Satpati (मराठी - सातपाटी) is a fishing village on the western coast of India, about 80 km north of Mumbai in the Palghar Taluka of District Palghar in Maharashtra. The main occupation in Satpati is fishing, with large exports abroad. The majority of the population are from the Koli community.

History
During Somnath Looting by Mohd. Gazanavi Somnath refugees took shelter in the 11th century by Gujarati Somnath Junagad Mali. Followed Maharashtrian customs instead Gujarati.

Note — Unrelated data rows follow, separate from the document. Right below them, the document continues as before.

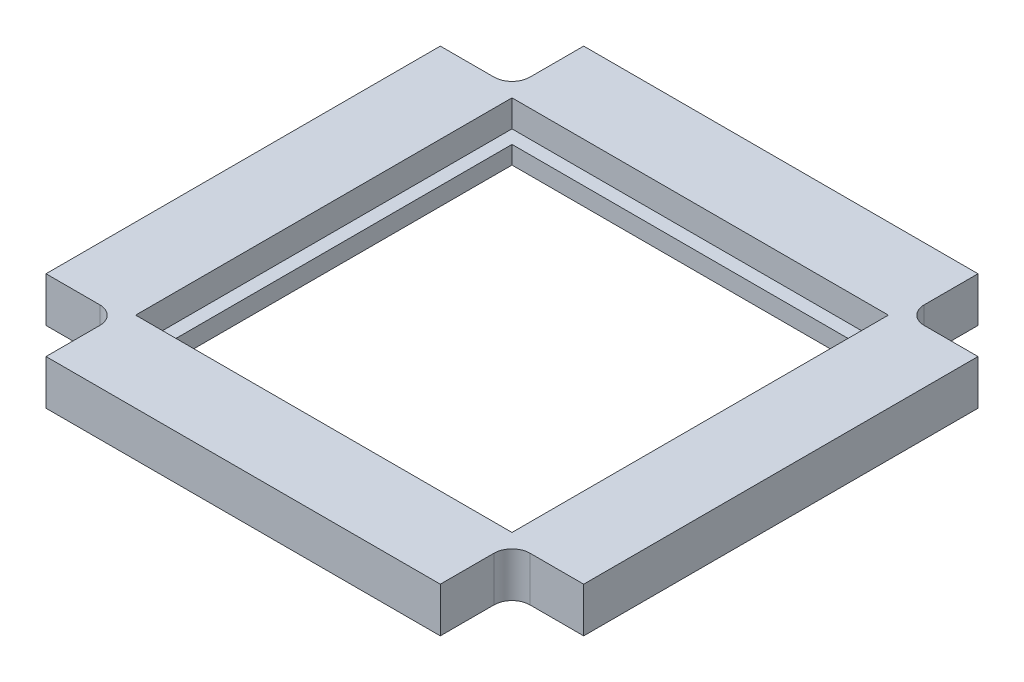
ISO-10303-21;
HEADER;
FILE_DESCRIPTION(('STEP AP214'),'2;1');
FILE_NAME('part.step','',(''),(''),'','','');
FILE_SCHEMA(('AUTOMOTIVE_DESIGN { 1 0 10303 214 1 1 1 1 }'));
ENDSEC;
DATA;
#1=APPLICATION_CONTEXT('core data for automotive mechanical design processes');
#2=APPLICATION_PROTOCOL_DEFINITION('international standard','automotive_design',2000,#1);
#3=PRODUCT_CONTEXT('',#1,'mechanical');
#4=PRODUCT('Part','Part','',(#3));
#5=PRODUCT_RELATED_PRODUCT_CATEGORY('part','',(#4));
#6=PRODUCT_DEFINITION_FORMATION('','',#4);
#7=PRODUCT_DEFINITION_CONTEXT('part definition',#1,'design');
#8=PRODUCT_DEFINITION('design','',#6,#7);
#9=PRODUCT_DEFINITION_SHAPE('','',#8);
#10=(LENGTH_UNIT() NAMED_UNIT(*) SI_UNIT(.MILLI.,.METRE.));
#11=(NAMED_UNIT(*) PLANE_ANGLE_UNIT() SI_UNIT($,.RADIAN.));
#12=(NAMED_UNIT(*) SI_UNIT($,.STERADIAN.) SOLID_ANGLE_UNIT());
#13=UNCERTAINTY_MEASURE_WITH_UNIT(LENGTH_MEASURE(1.E-05),#10,'distance_accuracy_value','');
#14=(GEOMETRIC_REPRESENTATION_CONTEXT(3) GLOBAL_UNCERTAINTY_ASSIGNED_CONTEXT((#13)) GLOBAL_UNIT_ASSIGNED_CONTEXT((#10,
#11,#12)) REPRESENTATION_CONTEXT('',''));
#15=CARTESIAN_POINT('',(0.,0.,0.));
#16=DIRECTION('',(0.,0.,1.));
#17=DIRECTION('',(1.,0.,0.));
#18=AXIS2_PLACEMENT_3D('',#15,#16,#17);
#19=CARTESIAN_POINT('',(3.,0.5,-3.));
#20=DIRECTION('',(-1.,0.,0.));
#21=DIRECTION('',(0.,0.,1.));
#22=AXIS2_PLACEMENT_3D('',#19,#20,#21);
#23=PLANE('',#22);
#24=DIRECTION('',(0.,0.,-1.));
#25=VECTOR('',#24,1.);
#26=CARTESIAN_POINT('',(3.,0.,-3.));
#27=LINE('',#26,#25);
#28=CARTESIAN_POINT('',(3.,0.,2.2));
#29=VERTEX_POINT('',#28);
#30=CARTESIAN_POINT('',(3.,0.,-2.2));
#31=VERTEX_POINT('',#30);
#32=EDGE_CURVE('E222',#29,#31,#27,.T.);
#33=ORIENTED_EDGE('',*,*,#32,.T.);
#34=DIRECTION('',(0.,1.,0.));
#35=VECTOR('',#34,1.);
#36=CARTESIAN_POINT('',(3.,0.,-2.2));
#37=LINE('',#36,#35);
#38=CARTESIAN_POINT('',(3.,0.5,-2.2));
#39=VERTEX_POINT('',#38);
#40=EDGE_CURVE('E216',#31,#39,#37,.T.);
#41=ORIENTED_EDGE('',*,*,#40,.T.);
#42=DIRECTION('',(0.,0.,-1.));
#43=VECTOR('',#42,1.);
#44=CARTESIAN_POINT('',(3.,0.5,-3.));
#45=LINE('',#44,#43);
#46=CARTESIAN_POINT('',(3.,0.5,2.2));
#47=VERTEX_POINT('',#46);
#48=EDGE_CURVE('E234',#47,#39,#45,.T.);
#49=ORIENTED_EDGE('',*,*,#48,.F.);
#50=DIRECTION('',(0.,1.,0.));
#51=VECTOR('',#50,1.);
#52=CARTESIAN_POINT('',(3.,0.,2.2));
#53=LINE('',#52,#51);
#54=EDGE_CURVE('E385',#29,#47,#53,.T.);
#55=ORIENTED_EDGE('',*,*,#54,.F.);
#56=EDGE_LOOP('',(#33,#41,#49,#55));
#57=FACE_BOUND('',#56,.T.);
#58=ADVANCED_FACE('F34',(#57),#23,.F.);
#59=CARTESIAN_POINT('',(-3.,0.5,-3.));
#60=DIRECTION('',(0.,0.,1.));
#61=DIRECTION('',(1.,0.,0.));
#62=AXIS2_PLACEMENT_3D('',#59,#60,#61);
#63=PLANE('',#62);
#64=DIRECTION('',(-1.,0.,0.));
#65=VECTOR('',#64,1.);
#66=CARTESIAN_POINT('',(-3.,0.5,-3.));
#67=LINE('',#66,#65);
#68=CARTESIAN_POINT('',(2.2,0.5,-3.));
#69=VERTEX_POINT('',#68);
#70=CARTESIAN_POINT('',(-2.2,0.5,-3.));
#71=VERTEX_POINT('',#70);
#72=EDGE_CURVE('E215',#69,#71,#67,.T.);
#73=ORIENTED_EDGE('',*,*,#72,.F.);
#74=DIRECTION('',(0.,1.,0.));
#75=VECTOR('',#74,1.);
#76=CARTESIAN_POINT('',(2.2,0.,-3.));
#77=LINE('',#76,#75);
#78=CARTESIAN_POINT('',(2.2,0.,-3.));
#79=VERTEX_POINT('',#78);
#80=EDGE_CURVE('E197',#79,#69,#77,.T.);
#81=ORIENTED_EDGE('',*,*,#80,.F.);
#82=DIRECTION('',(-1.,0.,0.));
#83=VECTOR('',#82,1.);
#84=CARTESIAN_POINT('',(-3.,0.,-3.));
#85=LINE('',#84,#83);
#86=CARTESIAN_POINT('',(-2.2,0.,-3.));
#87=VERTEX_POINT('',#86);
#88=EDGE_CURVE('E212',#79,#87,#85,.T.);
#89=ORIENTED_EDGE('',*,*,#88,.T.);
#90=DIRECTION('',(0.,1.,0.));
#91=VECTOR('',#90,1.);
#92=CARTESIAN_POINT('',(-2.2,0.,-3.));
#93=LINE('',#92,#91);
#94=EDGE_CURVE('E278',#87,#71,#93,.T.);
#95=ORIENTED_EDGE('',*,*,#94,.T.);
#96=EDGE_LOOP('',(#73,#81,#89,#95));
#97=FACE_BOUND('',#96,.T.);
#98=ADVANCED_FACE('F210',(#97),#63,.F.);
#99=CARTESIAN_POINT('',(-3.,0.5,-3.));
#100=DIRECTION('',(1.,0.,0.));
#101=DIRECTION('',(0.,0.,-1.));
#102=AXIS2_PLACEMENT_3D('',#99,#100,#101);
#103=PLANE('',#102);
#104=DIRECTION('',(0.,0.,1.));
#105=VECTOR('',#104,1.);
#106=CARTESIAN_POINT('',(-3.,0.,-3.));
#107=LINE('',#106,#105);
#108=CARTESIAN_POINT('',(-3.,0.,-2.2));
#109=VERTEX_POINT('',#108);
#110=CARTESIAN_POINT('',(-3.,0.,2.2));
#111=VERTEX_POINT('',#110);
#112=EDGE_CURVE('E221',#109,#111,#107,.T.);
#113=ORIENTED_EDGE('',*,*,#112,.T.);
#114=DIRECTION('',(0.,1.,0.));
#115=VECTOR('',#114,1.);
#116=CARTESIAN_POINT('',(-3.,0.,2.2));
#117=LINE('',#116,#115);
#118=CARTESIAN_POINT('',(-3.,0.5,2.2));
#119=VERTEX_POINT('',#118);
#120=EDGE_CURVE('E401',#111,#119,#117,.T.);
#121=ORIENTED_EDGE('',*,*,#120,.T.);
#122=DIRECTION('',(0.,0.,1.));
#123=VECTOR('',#122,1.);
#124=CARTESIAN_POINT('',(-3.,0.5,-3.));
#125=LINE('',#124,#123);
#126=CARTESIAN_POINT('',(-3.,0.5,-2.2));
#127=VERTEX_POINT('',#126);
#128=EDGE_CURVE('E369',#127,#119,#125,.T.);
#129=ORIENTED_EDGE('',*,*,#128,.F.);
#130=DIRECTION('',(0.,1.,0.));
#131=VECTOR('',#130,1.);
#132=CARTESIAN_POINT('',(-3.,0.,-2.2));
#133=LINE('',#132,#131);
#134=EDGE_CURVE('E279',#109,#127,#133,.T.);
#135=ORIENTED_EDGE('',*,*,#134,.F.);
#136=EDGE_LOOP('',(#113,#121,#129,#135));
#137=FACE_BOUND('',#136,.T.);
#138=ADVANCED_FACE('F438',(#137),#103,.F.);
#139=CARTESIAN_POINT('',(-3.,0.5,3.));
#140=DIRECTION('',(0.,0.,-1.));
#141=DIRECTION('',(-1.,0.,0.));
#142=AXIS2_PLACEMENT_3D('',#139,#140,#141);
#143=PLANE('',#142);
#144=DIRECTION('',(1.,0.,0.));
#145=VECTOR('',#144,1.);
#146=CARTESIAN_POINT('',(-3.,0.5,3.));
#147=LINE('',#146,#145);
#148=CARTESIAN_POINT('',(-2.2,0.5,3.));
#149=VERTEX_POINT('',#148);
#150=CARTESIAN_POINT('',(2.2,0.5,3.));
#151=VERTEX_POINT('',#150);
#152=EDGE_CURVE('E239',#149,#151,#147,.T.);
#153=ORIENTED_EDGE('',*,*,#152,.F.);
#154=DIRECTION('',(0.,1.,0.));
#155=VECTOR('',#154,1.);
#156=CARTESIAN_POINT('',(-2.2,0.,3.));
#157=LINE('',#156,#155);
#158=CARTESIAN_POINT('',(-2.2,0.,3.));
#159=VERTEX_POINT('',#158);
#160=EDGE_CURVE('E379',#159,#149,#157,.T.);
#161=ORIENTED_EDGE('',*,*,#160,.F.);
#162=DIRECTION('',(1.,0.,0.));
#163=VECTOR('',#162,1.);
#164=CARTESIAN_POINT('',(-3.,0.,3.));
#165=LINE('',#164,#163);
#166=CARTESIAN_POINT('',(2.2,0.,3.));
#167=VERTEX_POINT('',#166);
#168=EDGE_CURVE('E225',#159,#167,#165,.T.);
#169=ORIENTED_EDGE('',*,*,#168,.T.);
#170=DIRECTION('',(0.,1.,0.));
#171=VECTOR('',#170,1.);
#172=CARTESIAN_POINT('',(2.2,0.,3.));
#173=LINE('',#172,#171);
#174=EDGE_CURVE('E382',#167,#151,#173,.T.);
#175=ORIENTED_EDGE('',*,*,#174,.T.);
#176=EDGE_LOOP('',(#153,#161,#169,#175));
#177=FACE_BOUND('',#176,.T.);
#178=ADVANCED_FACE('F378',(#177),#143,.F.);
#179=CARTESIAN_POINT('',(0.,0.5,0.));
#180=DIRECTION('',(0.,1.,0.));
#181=DIRECTION('',(0.,0.,1.));
#182=AXIS2_PLACEMENT_3D('',#179,#180,#181);
#183=PLANE('',#182);
#184=DIRECTION('',(1.,0.,0.));
#185=VECTOR('',#184,1.);
#186=CARTESIAN_POINT('',(3.,0.5,-2.2));
#187=LINE('',#186,#185);
#188=CARTESIAN_POINT('',(2.4,0.5,-2.2));
#189=VERTEX_POINT('',#188);
#190=EDGE_CURVE('E205',#189,#39,#187,.T.);
#191=ORIENTED_EDGE('',*,*,#190,.F.);
#192=CARTESIAN_POINT('',(2.4,0.5,-2.4));
#193=DIRECTION('',(0.,1.,0.));
#194=DIRECTION('',(0.,0.,1.));
#195=AXIS2_PLACEMENT_3D('',#192,#193,#194);
#196=CIRCLE('',#195,0.2);
#197=CARTESIAN_POINT('',(2.2,0.5,-2.4));
#198=VERTEX_POINT('',#197);
#199=EDGE_CURVE('E261',#189,#198,#196,.F.);
#200=ORIENTED_EDGE('',*,*,#199,.T.);
#201=DIRECTION('',(0.,0.,1.));
#202=VECTOR('',#201,1.);
#203=CARTESIAN_POINT('',(2.2,0.5,-3.));
#204=LINE('',#203,#202);
#205=EDGE_CURVE('E405',#69,#198,#204,.T.);
#206=ORIENTED_EDGE('',*,*,#205,.F.);
#207=ORIENTED_EDGE('',*,*,#72,.T.);
#208=DIRECTION('',(0.,0.,-1.));
#209=VECTOR('',#208,1.);
#210=CARTESIAN_POINT('',(-2.2,0.5,-3.));
#211=LINE('',#210,#209);
#212=CARTESIAN_POINT('',(-2.2,0.5,-2.4));
#213=VERTEX_POINT('',#212);
#214=EDGE_CURVE('E290',#213,#71,#211,.T.);
#215=ORIENTED_EDGE('',*,*,#214,.F.);
#216=CARTESIAN_POINT('',(-2.4,0.5,-2.4));
#217=DIRECTION('',(0.,1.,0.));
#218=DIRECTION('',(0.,0.,1.));
#219=AXIS2_PLACEMENT_3D('',#216,#217,#218);
#220=CIRCLE('',#219,0.2);
#221=CARTESIAN_POINT('',(-2.4,0.5,-2.2));
#222=VERTEX_POINT('',#221);
#223=EDGE_CURVE('E265',#213,#222,#220,.F.);
#224=ORIENTED_EDGE('',*,*,#223,.T.);
#225=DIRECTION('',(1.,0.,0.));
#226=VECTOR('',#225,1.);
#227=CARTESIAN_POINT('',(-3.,0.5,-2.2));
#228=LINE('',#227,#226);
#229=EDGE_CURVE('E288',#127,#222,#228,.T.);
#230=ORIENTED_EDGE('',*,*,#229,.F.);
#231=ORIENTED_EDGE('',*,*,#128,.T.);
#232=DIRECTION('',(-1.,0.,0.));
#233=VECTOR('',#232,1.);
#234=CARTESIAN_POINT('',(-3.,0.5,2.2));
#235=LINE('',#234,#233);
#236=CARTESIAN_POINT('',(-2.4,0.5,2.2));
#237=VERTEX_POINT('',#236);
#238=EDGE_CURVE('E387',#237,#119,#235,.T.);
#239=ORIENTED_EDGE('',*,*,#238,.F.);
#240=CARTESIAN_POINT('',(-2.4,0.5,2.4));
#241=DIRECTION('',(0.,1.,0.));
#242=DIRECTION('',(0.,0.,1.));
#243=AXIS2_PLACEMENT_3D('',#240,#241,#242);
#244=CIRCLE('',#243,0.2);
#245=CARTESIAN_POINT('',(-2.2,0.5,2.4));
#246=VERTEX_POINT('',#245);
#247=EDGE_CURVE('E42',#237,#246,#244,.F.);
#248=ORIENTED_EDGE('',*,*,#247,.T.);
#249=DIRECTION('',(0.,0.,-1.));
#250=VECTOR('',#249,1.);
#251=CARTESIAN_POINT('',(-2.2,0.5,3.));
#252=LINE('',#251,#250);
#253=EDGE_CURVE('E374',#149,#246,#252,.T.);
#254=ORIENTED_EDGE('',*,*,#253,.F.);
#255=ORIENTED_EDGE('',*,*,#152,.T.);
#256=DIRECTION('',(0.,0.,1.));
#257=VECTOR('',#256,1.);
#258=CARTESIAN_POINT('',(2.2,0.5,3.));
#259=LINE('',#258,#257);
#260=CARTESIAN_POINT('',(2.2,0.5,2.4));
#261=VERTEX_POINT('',#260);
#262=EDGE_CURVE('E373',#261,#151,#259,.T.);
#263=ORIENTED_EDGE('',*,*,#262,.F.);
#264=CARTESIAN_POINT('',(2.4,0.5,2.4));
#265=DIRECTION('',(0.,1.,0.));
#266=DIRECTION('',(0.,0.,1.));
#267=AXIS2_PLACEMENT_3D('',#264,#265,#266);
#268=CIRCLE('',#267,0.2);
#269=CARTESIAN_POINT('',(2.4,0.5,2.2));
#270=VERTEX_POINT('',#269);
#271=EDGE_CURVE('E257',#261,#270,#268,.F.);
#272=ORIENTED_EDGE('',*,*,#271,.T.);
#273=DIRECTION('',(-1.,0.,0.));
#274=VECTOR('',#273,1.);
#275=CARTESIAN_POINT('',(3.,0.5,2.2));
#276=LINE('',#275,#274);
#277=EDGE_CURVE('E394',#47,#270,#276,.T.);
#278=ORIENTED_EDGE('',*,*,#277,.F.);
#279=ORIENTED_EDGE('',*,*,#48,.T.);
#280=EDGE_LOOP('',(#191,#200,#206,#207,#215,#224,#230,#231,#239,#248,#254,#255,#263,#272,#278,#279));
#281=FACE_BOUND('',#280,.T.);
#282=DIRECTION('',(0.,0.,1.));
#283=VECTOR('',#282,1.);
#284=CARTESIAN_POINT('',(-2.1,0.5,-2.1));
#285=LINE('',#284,#283);
#286=CARTESIAN_POINT('',(-2.1,0.5,-2.1));
#287=VERTEX_POINT('',#286);
#288=CARTESIAN_POINT('',(-2.1,0.5,2.1));
#289=VERTEX_POINT('',#288);
#290=EDGE_CURVE('E301',#287,#289,#285,.T.);
#291=ORIENTED_EDGE('',*,*,#290,.F.);
#292=DIRECTION('',(-1.,0.,0.));
#293=VECTOR('',#292,1.);
#294=CARTESIAN_POINT('',(2.1,0.5,-2.1));
#295=LINE('',#294,#293);
#296=CARTESIAN_POINT('',(2.1,0.5,-2.1));
#297=VERTEX_POINT('',#296);
#298=EDGE_CURVE('E307',#297,#287,#295,.T.);
#299=ORIENTED_EDGE('',*,*,#298,.F.);
#300=DIRECTION('',(0.,0.,-1.));
#301=VECTOR('',#300,1.);
#302=CARTESIAN_POINT('',(2.1,0.5,-2.1));
#303=LINE('',#302,#301);
#304=CARTESIAN_POINT('',(2.1,0.5,2.1));
#305=VERTEX_POINT('',#304);
#306=EDGE_CURVE('E321',#305,#297,#303,.T.);
#307=ORIENTED_EDGE('',*,*,#306,.F.);
#308=DIRECTION('',(1.,0.,0.));
#309=VECTOR('',#308,1.);
#310=CARTESIAN_POINT('',(2.1,0.5,2.1));
#311=LINE('',#310,#309);
#312=EDGE_CURVE('E318',#289,#305,#311,.T.);
#313=ORIENTED_EDGE('',*,*,#312,.F.);
#314=EDGE_LOOP('',(#291,#299,#307,#313));
#315=FACE_BOUND('',#314,.T.);
#316=ADVANCED_FACE('F285',(#281,#315),#183,.T.);
#317=CARTESIAN_POINT('',(0.,0.,0.));
#318=DIRECTION('',(0.,1.,0.));
#319=DIRECTION('',(0.,0.,1.));
#320=AXIS2_PLACEMENT_3D('',#317,#318,#319);
#321=PLANE('',#320);
#322=DIRECTION('',(1.,0.,0.));
#323=VECTOR('',#322,1.);
#324=CARTESIAN_POINT('',(-1.95,0.,1.95));
#325=LINE('',#324,#323);
#326=CARTESIAN_POINT('',(-1.95,0.,1.95));
#327=VERTEX_POINT('',#326);
#328=CARTESIAN_POINT('',(1.95,0.,1.95));
#329=VERTEX_POINT('',#328);
#330=EDGE_CURVE('E352',#327,#329,#325,.T.);
#331=ORIENTED_EDGE('',*,*,#330,.T.);
#332=DIRECTION('',(0.,0.,-1.));
#333=VECTOR('',#332,1.);
#334=CARTESIAN_POINT('',(1.95,0.,-1.95));
#335=LINE('',#334,#333);
#336=CARTESIAN_POINT('',(1.95,0.,-1.95));
#337=VERTEX_POINT('',#336);
#338=EDGE_CURVE('E343',#329,#337,#335,.T.);
#339=ORIENTED_EDGE('',*,*,#338,.T.);
#340=DIRECTION('',(-1.,0.,0.));
#341=VECTOR('',#340,1.);
#342=CARTESIAN_POINT('',(-1.95,0.,-1.95));
#343=LINE('',#342,#341);
#344=CARTESIAN_POINT('',(-1.95,0.,-1.95));
#345=VERTEX_POINT('',#344);
#346=EDGE_CURVE('E346',#337,#345,#343,.T.);
#347=ORIENTED_EDGE('',*,*,#346,.T.);
#348=DIRECTION('',(0.,0.,1.));
#349=VECTOR('',#348,1.);
#350=CARTESIAN_POINT('',(-1.95,0.,-1.95));
#351=LINE('',#350,#349);
#352=EDGE_CURVE('E349',#345,#327,#351,.T.);
#353=ORIENTED_EDGE('',*,*,#352,.T.);
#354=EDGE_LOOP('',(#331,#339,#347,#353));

The most commonly spoken languages in Satpati are Mangeli and Vaity.

Transport links
The nearest railway station is Palghar (Western Railway), where State Transport (S.T.) buses are available for Satpati at regular intervals. 6/7-seater autorickshaws (that most of the time carry more than 10 people) also run between Satpati and Palghar on a regular basis.

Temples
Ram Mandir and Agni Mata are the most important temples in the village. Ram Mandir is situated at the entry point of the village while Agni mata is in the sea.

Festival
Many Festival like Dusshera, Diwali and Navratri are celebrated in this village, but there are two major festival that are celebrated with great enthusiasm, one is Holi and other is Ram Navami...!!

Let us know the importance of Holi festival :
According to the Holi legend, this festival conveys the message of victory of good over evil. The special feature of this festival is that on this day all the people forget their differences and come together to celebrate. In the same way all the villagers come together and burn Holika and pray to God that in the same way our sorrow, poverty, hated be burnt in this fire This is how we celebrated this festival with full of Joy....

Now let's us know about Ram Navami :
Ram Navami is one of the major festival in the village. In this village this festival is mainly celebrated on for 3 days. One these three day's a very big fair is held in the village. The fair started in the evening and lasted from 3 to 4 AM in the morning. On the first day i.e. On the day of Ram Navami is the temple of Rama just like 12 PM when Lord Shri Rama is Born, and the next day Lord Shri Rama's palanquin travels all over the village. When the palanquin moves around the village, the villagers shower flowers on the palanquin and dance to the sound of banjo. In this way the festival is celebrated with great enthusiasm and fervour...!!